Plugins fulfill the following needs:

  • Secure security-sensitive operations
  • Simplify complicated tasks

Security-sensitive commands

When handing over sensitive secrets to pipelines such as SSH keys, API tokens and others, users want to ensure that no other operations than the desired ones do make use of these credentials.

Plugins can ensure this as they cannot be altered in their execution: they always execute a specific set of commands within a predefined environment which can only be altered in a limited way through specific plugin settings.

In addition, Crow allows limiting secrets to specific plugin images, avoiding the potential misuse of such in arbitrary steps.

Convenience

Another use case it wrap steps which execute the same set of commands over and over again into a plugin.
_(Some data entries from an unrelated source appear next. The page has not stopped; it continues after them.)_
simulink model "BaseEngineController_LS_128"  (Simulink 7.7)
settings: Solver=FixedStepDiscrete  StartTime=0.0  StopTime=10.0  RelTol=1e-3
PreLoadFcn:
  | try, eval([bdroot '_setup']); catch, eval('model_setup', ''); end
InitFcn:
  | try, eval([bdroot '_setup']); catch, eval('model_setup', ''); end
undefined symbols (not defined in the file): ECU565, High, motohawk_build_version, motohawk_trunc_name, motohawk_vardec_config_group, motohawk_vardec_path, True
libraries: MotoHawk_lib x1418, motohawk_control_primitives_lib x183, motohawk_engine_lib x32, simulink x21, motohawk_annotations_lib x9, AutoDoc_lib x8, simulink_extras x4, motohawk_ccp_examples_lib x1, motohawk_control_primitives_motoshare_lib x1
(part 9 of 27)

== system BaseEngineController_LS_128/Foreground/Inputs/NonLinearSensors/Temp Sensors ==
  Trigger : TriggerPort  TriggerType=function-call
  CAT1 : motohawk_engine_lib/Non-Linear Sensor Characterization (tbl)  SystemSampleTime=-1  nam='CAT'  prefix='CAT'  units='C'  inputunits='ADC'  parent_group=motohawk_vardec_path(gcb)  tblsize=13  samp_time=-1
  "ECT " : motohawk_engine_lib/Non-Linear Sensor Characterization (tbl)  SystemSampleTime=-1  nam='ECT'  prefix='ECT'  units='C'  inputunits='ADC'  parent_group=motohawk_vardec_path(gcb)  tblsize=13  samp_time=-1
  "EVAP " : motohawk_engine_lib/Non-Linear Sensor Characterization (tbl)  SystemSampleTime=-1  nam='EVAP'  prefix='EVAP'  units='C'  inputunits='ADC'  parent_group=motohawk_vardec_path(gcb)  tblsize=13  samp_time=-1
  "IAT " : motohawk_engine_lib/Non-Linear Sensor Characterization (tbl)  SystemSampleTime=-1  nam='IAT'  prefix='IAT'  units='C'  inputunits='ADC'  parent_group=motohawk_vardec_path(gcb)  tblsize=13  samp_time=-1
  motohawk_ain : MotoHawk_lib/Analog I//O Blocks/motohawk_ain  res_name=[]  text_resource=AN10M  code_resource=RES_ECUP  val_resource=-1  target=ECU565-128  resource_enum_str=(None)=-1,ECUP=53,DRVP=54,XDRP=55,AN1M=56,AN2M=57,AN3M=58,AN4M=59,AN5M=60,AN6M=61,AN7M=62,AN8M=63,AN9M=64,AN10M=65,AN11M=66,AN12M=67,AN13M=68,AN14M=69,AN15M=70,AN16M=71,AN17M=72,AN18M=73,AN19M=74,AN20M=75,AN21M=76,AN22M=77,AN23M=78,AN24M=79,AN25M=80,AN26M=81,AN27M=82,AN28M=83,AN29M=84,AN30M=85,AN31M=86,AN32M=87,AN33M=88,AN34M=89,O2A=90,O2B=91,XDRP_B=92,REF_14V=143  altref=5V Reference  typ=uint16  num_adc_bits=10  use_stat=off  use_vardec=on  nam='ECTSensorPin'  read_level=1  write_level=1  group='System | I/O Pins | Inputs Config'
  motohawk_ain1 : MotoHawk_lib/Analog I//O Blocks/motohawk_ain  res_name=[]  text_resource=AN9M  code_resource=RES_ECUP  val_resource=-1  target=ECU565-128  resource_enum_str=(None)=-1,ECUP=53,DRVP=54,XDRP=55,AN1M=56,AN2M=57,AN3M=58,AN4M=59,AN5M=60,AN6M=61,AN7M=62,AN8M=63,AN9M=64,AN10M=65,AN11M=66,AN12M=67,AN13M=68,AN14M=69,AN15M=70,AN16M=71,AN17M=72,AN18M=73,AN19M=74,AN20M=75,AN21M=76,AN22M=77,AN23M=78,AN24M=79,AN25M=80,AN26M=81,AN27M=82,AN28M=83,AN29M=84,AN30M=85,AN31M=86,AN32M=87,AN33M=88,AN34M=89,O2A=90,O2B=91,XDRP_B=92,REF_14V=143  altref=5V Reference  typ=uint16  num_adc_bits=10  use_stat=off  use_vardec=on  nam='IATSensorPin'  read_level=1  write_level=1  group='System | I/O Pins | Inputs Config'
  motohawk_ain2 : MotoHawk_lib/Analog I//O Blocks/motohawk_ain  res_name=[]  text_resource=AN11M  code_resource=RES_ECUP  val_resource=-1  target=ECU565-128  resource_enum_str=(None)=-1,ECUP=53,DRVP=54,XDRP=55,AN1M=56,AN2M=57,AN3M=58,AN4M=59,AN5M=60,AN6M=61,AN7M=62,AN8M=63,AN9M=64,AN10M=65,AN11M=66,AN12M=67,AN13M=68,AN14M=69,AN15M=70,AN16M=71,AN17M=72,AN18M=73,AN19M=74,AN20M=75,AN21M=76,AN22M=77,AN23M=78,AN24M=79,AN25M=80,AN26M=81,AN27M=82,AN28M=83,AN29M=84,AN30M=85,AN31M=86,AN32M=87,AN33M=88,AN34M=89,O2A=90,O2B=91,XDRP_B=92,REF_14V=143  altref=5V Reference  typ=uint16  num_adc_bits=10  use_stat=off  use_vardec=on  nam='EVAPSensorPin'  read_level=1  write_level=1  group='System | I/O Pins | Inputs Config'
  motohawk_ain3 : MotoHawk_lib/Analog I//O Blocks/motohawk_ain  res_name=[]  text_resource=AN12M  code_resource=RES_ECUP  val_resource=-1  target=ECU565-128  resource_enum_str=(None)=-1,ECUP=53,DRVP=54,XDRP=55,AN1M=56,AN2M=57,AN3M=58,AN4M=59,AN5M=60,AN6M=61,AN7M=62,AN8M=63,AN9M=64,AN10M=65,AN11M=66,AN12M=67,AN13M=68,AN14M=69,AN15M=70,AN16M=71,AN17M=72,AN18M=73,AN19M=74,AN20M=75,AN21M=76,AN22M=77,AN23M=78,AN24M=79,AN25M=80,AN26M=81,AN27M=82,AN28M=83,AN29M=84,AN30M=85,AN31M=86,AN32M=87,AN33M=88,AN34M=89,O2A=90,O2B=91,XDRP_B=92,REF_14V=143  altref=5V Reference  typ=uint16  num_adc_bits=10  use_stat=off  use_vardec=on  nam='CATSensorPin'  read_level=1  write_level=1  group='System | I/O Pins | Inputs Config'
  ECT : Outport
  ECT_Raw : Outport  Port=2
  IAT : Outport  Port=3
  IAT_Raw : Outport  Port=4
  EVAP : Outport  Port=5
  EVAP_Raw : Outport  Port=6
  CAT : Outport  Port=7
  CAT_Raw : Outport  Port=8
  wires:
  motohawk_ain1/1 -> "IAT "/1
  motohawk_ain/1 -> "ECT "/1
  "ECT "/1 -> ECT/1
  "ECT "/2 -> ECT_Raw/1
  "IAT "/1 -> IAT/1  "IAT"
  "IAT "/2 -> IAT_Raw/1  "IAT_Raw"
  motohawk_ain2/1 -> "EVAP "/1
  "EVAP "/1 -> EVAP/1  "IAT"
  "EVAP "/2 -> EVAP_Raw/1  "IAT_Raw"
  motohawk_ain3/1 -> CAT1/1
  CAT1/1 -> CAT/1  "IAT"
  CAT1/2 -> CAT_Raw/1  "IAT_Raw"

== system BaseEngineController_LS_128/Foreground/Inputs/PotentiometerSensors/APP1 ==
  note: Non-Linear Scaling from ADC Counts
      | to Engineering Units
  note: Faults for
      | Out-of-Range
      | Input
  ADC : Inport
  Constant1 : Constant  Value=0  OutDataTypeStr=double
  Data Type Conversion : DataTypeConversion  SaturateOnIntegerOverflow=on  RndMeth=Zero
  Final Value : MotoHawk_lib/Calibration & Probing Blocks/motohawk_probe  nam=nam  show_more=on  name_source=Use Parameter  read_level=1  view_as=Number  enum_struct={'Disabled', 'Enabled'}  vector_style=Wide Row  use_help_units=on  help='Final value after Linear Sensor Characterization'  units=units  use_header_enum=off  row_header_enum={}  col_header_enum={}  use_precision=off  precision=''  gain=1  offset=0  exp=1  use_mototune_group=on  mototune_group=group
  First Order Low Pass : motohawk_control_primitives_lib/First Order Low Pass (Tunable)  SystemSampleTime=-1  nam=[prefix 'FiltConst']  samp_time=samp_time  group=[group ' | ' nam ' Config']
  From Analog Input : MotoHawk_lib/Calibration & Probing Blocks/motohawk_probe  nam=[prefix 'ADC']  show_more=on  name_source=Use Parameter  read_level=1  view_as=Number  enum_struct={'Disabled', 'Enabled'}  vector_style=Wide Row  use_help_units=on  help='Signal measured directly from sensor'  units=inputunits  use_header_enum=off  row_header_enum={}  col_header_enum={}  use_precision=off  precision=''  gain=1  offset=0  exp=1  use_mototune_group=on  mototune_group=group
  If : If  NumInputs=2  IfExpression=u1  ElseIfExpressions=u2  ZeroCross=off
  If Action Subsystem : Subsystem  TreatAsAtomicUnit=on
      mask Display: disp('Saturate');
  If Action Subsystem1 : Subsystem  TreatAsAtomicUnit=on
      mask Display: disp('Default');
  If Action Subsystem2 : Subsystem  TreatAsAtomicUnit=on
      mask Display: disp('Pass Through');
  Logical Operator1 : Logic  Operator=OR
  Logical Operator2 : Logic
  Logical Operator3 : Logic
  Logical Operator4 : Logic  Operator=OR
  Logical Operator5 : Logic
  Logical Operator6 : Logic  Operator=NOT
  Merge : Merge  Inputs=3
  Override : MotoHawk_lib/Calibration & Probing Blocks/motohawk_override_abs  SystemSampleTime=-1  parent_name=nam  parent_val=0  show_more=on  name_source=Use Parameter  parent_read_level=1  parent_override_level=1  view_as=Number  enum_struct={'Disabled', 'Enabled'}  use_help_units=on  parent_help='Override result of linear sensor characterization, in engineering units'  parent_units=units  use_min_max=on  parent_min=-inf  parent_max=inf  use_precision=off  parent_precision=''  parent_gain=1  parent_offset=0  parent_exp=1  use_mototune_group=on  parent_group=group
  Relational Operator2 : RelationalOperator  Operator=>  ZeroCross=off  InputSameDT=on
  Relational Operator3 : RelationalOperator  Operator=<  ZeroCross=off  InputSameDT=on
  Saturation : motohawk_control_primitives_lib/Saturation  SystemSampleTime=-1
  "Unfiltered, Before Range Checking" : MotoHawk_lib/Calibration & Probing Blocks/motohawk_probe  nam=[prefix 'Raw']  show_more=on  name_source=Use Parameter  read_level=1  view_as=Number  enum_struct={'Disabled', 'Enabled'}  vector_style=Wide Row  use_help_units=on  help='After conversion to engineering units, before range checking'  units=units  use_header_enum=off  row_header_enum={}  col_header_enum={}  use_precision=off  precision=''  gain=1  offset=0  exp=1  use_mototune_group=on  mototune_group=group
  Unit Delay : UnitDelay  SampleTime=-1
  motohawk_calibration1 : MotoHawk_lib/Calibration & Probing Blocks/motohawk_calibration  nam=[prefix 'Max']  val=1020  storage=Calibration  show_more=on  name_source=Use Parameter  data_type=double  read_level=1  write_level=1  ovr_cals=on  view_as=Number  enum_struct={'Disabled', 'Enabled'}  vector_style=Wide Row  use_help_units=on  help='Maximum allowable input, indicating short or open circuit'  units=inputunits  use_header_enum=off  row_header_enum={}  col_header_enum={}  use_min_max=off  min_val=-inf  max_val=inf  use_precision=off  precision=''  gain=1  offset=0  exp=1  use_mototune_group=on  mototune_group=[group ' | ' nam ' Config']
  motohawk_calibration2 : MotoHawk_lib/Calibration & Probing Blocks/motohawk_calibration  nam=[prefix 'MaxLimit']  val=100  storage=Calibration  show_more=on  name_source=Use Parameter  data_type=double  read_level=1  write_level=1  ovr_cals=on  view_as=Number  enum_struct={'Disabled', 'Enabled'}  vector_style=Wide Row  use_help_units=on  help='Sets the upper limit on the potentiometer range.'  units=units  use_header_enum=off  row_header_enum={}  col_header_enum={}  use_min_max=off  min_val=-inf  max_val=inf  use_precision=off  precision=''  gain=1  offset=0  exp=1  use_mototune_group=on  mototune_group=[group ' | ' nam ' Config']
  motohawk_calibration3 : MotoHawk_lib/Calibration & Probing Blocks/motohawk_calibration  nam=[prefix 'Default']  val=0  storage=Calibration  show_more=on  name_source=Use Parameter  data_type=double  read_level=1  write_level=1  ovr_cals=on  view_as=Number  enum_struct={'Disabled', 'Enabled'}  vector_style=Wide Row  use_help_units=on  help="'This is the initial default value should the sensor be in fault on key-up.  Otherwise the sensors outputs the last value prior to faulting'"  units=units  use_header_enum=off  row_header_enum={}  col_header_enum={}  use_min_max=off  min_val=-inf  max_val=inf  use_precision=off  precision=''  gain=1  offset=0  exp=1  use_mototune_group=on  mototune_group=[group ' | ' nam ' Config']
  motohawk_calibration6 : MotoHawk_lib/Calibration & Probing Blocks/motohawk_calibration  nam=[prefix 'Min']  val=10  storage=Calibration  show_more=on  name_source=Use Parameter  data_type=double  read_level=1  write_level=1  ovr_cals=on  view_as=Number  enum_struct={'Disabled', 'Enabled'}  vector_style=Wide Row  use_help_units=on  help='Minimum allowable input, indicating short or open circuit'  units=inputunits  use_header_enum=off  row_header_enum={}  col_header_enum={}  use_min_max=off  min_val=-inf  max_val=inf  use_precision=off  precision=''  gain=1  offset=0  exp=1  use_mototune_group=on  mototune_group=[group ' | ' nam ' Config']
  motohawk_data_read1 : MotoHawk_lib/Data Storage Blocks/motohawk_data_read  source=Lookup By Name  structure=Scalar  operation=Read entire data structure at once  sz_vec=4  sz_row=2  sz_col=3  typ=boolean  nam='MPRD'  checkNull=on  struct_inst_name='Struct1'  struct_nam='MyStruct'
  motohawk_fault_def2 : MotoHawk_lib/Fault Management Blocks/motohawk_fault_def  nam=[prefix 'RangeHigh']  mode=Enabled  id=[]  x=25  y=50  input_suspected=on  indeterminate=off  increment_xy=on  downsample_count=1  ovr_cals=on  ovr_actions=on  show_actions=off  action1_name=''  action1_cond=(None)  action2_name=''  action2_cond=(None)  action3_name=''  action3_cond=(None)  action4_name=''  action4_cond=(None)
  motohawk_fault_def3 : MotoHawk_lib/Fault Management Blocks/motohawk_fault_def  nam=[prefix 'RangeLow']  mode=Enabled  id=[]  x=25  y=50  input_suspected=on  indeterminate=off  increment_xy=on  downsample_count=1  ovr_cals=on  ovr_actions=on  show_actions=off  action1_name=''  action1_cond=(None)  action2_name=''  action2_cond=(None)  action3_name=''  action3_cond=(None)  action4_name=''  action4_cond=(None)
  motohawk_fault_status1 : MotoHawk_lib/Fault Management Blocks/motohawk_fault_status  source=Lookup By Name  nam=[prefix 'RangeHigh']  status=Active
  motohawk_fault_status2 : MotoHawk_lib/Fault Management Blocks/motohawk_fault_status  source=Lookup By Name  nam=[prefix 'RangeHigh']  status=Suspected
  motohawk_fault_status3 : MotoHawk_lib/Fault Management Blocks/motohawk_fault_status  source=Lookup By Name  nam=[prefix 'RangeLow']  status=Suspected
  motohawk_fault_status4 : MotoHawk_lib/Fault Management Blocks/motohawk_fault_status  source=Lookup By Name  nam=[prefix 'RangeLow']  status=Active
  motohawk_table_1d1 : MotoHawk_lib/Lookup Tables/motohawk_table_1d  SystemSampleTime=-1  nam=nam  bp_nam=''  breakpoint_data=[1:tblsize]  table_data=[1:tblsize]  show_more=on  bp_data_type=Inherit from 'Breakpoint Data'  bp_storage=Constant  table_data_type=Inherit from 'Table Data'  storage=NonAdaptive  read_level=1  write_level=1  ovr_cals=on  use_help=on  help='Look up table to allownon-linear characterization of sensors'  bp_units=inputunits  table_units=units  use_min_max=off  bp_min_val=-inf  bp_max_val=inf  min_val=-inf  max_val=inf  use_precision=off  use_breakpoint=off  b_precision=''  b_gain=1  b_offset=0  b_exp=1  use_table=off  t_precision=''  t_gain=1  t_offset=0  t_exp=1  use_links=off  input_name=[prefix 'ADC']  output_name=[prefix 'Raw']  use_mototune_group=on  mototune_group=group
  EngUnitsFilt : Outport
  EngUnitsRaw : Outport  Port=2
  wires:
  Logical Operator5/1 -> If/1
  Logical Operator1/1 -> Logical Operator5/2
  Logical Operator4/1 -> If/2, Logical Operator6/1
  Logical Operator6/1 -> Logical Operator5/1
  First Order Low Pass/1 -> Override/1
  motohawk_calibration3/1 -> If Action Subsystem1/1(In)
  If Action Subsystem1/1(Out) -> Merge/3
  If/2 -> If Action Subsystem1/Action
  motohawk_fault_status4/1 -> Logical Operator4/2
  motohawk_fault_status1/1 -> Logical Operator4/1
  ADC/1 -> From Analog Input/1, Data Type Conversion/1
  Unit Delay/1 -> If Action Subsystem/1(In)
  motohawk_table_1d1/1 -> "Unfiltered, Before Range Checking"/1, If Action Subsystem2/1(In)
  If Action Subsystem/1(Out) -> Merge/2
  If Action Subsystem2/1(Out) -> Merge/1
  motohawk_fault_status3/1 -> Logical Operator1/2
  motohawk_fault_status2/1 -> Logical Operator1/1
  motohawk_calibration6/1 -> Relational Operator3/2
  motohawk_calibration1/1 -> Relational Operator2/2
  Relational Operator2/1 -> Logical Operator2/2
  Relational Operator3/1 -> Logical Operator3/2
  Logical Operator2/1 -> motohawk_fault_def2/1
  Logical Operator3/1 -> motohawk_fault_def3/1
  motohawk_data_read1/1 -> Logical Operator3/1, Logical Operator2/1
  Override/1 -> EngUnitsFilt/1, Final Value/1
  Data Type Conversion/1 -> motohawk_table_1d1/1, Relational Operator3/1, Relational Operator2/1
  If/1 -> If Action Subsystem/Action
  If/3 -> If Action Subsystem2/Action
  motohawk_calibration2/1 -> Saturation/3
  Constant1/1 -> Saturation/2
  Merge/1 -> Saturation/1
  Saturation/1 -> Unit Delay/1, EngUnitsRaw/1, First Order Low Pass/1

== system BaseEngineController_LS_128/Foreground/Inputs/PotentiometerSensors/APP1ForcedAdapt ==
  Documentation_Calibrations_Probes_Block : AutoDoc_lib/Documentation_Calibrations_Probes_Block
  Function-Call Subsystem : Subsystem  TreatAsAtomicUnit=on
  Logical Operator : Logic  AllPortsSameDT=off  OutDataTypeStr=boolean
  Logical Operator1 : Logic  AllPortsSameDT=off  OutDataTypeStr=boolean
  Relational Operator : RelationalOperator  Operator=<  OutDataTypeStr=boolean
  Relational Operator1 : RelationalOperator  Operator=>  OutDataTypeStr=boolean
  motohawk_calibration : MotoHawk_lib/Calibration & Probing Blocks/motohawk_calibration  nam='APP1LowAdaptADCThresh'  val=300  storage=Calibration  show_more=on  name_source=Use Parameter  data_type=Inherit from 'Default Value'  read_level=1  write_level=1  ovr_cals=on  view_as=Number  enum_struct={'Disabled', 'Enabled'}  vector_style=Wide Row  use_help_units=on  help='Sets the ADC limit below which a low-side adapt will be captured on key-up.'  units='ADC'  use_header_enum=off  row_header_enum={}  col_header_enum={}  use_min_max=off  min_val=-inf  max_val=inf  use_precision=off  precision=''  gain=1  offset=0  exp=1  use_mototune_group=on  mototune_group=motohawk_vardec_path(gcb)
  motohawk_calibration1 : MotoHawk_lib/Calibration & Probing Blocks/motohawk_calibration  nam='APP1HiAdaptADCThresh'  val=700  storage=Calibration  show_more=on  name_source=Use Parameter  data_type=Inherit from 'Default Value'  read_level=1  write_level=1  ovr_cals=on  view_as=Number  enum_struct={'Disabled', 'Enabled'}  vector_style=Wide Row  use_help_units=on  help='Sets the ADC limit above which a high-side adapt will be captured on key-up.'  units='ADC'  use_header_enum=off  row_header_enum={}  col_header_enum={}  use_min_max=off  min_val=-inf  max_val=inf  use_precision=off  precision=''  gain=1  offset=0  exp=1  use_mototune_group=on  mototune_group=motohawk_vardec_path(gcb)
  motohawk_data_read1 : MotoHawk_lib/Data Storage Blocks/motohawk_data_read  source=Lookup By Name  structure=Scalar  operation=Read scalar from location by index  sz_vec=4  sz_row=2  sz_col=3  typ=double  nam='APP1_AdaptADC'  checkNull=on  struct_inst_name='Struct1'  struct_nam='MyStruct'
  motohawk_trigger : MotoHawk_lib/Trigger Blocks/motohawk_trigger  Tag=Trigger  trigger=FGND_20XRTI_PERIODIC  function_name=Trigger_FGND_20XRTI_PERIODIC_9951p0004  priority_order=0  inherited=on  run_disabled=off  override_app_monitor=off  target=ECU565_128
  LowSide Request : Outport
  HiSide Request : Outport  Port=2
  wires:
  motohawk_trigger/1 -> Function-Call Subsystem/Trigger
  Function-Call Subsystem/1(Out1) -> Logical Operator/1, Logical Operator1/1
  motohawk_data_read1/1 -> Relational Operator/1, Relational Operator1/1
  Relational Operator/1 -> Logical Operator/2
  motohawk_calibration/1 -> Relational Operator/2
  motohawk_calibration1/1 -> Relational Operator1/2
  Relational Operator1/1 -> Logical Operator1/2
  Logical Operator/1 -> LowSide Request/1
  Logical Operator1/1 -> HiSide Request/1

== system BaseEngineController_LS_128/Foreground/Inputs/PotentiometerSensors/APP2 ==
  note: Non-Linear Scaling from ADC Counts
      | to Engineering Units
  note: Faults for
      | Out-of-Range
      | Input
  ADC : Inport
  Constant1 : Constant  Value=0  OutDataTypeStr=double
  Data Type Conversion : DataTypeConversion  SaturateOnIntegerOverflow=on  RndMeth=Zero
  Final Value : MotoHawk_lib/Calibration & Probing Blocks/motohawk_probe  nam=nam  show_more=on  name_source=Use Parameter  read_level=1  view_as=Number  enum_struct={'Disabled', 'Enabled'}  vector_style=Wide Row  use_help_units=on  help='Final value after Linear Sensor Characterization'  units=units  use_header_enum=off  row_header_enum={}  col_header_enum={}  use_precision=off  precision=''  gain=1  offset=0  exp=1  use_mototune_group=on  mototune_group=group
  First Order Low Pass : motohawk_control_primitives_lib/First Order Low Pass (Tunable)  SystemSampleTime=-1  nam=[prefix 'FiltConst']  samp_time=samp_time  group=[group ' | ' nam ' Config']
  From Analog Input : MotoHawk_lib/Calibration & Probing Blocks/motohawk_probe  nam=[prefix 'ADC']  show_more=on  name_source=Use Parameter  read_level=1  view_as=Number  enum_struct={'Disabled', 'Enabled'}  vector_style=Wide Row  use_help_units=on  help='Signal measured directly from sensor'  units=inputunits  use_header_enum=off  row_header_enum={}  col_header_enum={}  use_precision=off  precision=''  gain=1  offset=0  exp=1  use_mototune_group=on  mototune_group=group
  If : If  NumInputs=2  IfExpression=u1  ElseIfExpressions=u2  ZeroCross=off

The advantage of this is two-fold: a cleaner/shorter YAML config and a small execution speedup (as all required dependencies are already installed within the plugin image).

Available plugins

A variety of plugins exist from different sources and projects.

Note

Historically, Drone plugins still exist and should work in theory. However, many of these are not well maintained and might not comply anymore with the requirement of not allowing arbitrary env vars in the environment: section, which is enforced since Crow/Woodpecker 3.0.

A non-comprehensive list of available plugins:

Additional plugins can be found in the wild. Please make sure to always take a close look at the plugin itself and the overall maintenance state, especially when handing over sensitive secrets.

Creating plugins

The plugin logic can be written in any language. The only required point is to start the plugin commands through the ENTRYPOINT of the final image and to now allow altering the CMD statement.

Settings

Settings is a dedicated key for plugins which should be used to pass options to a plugin.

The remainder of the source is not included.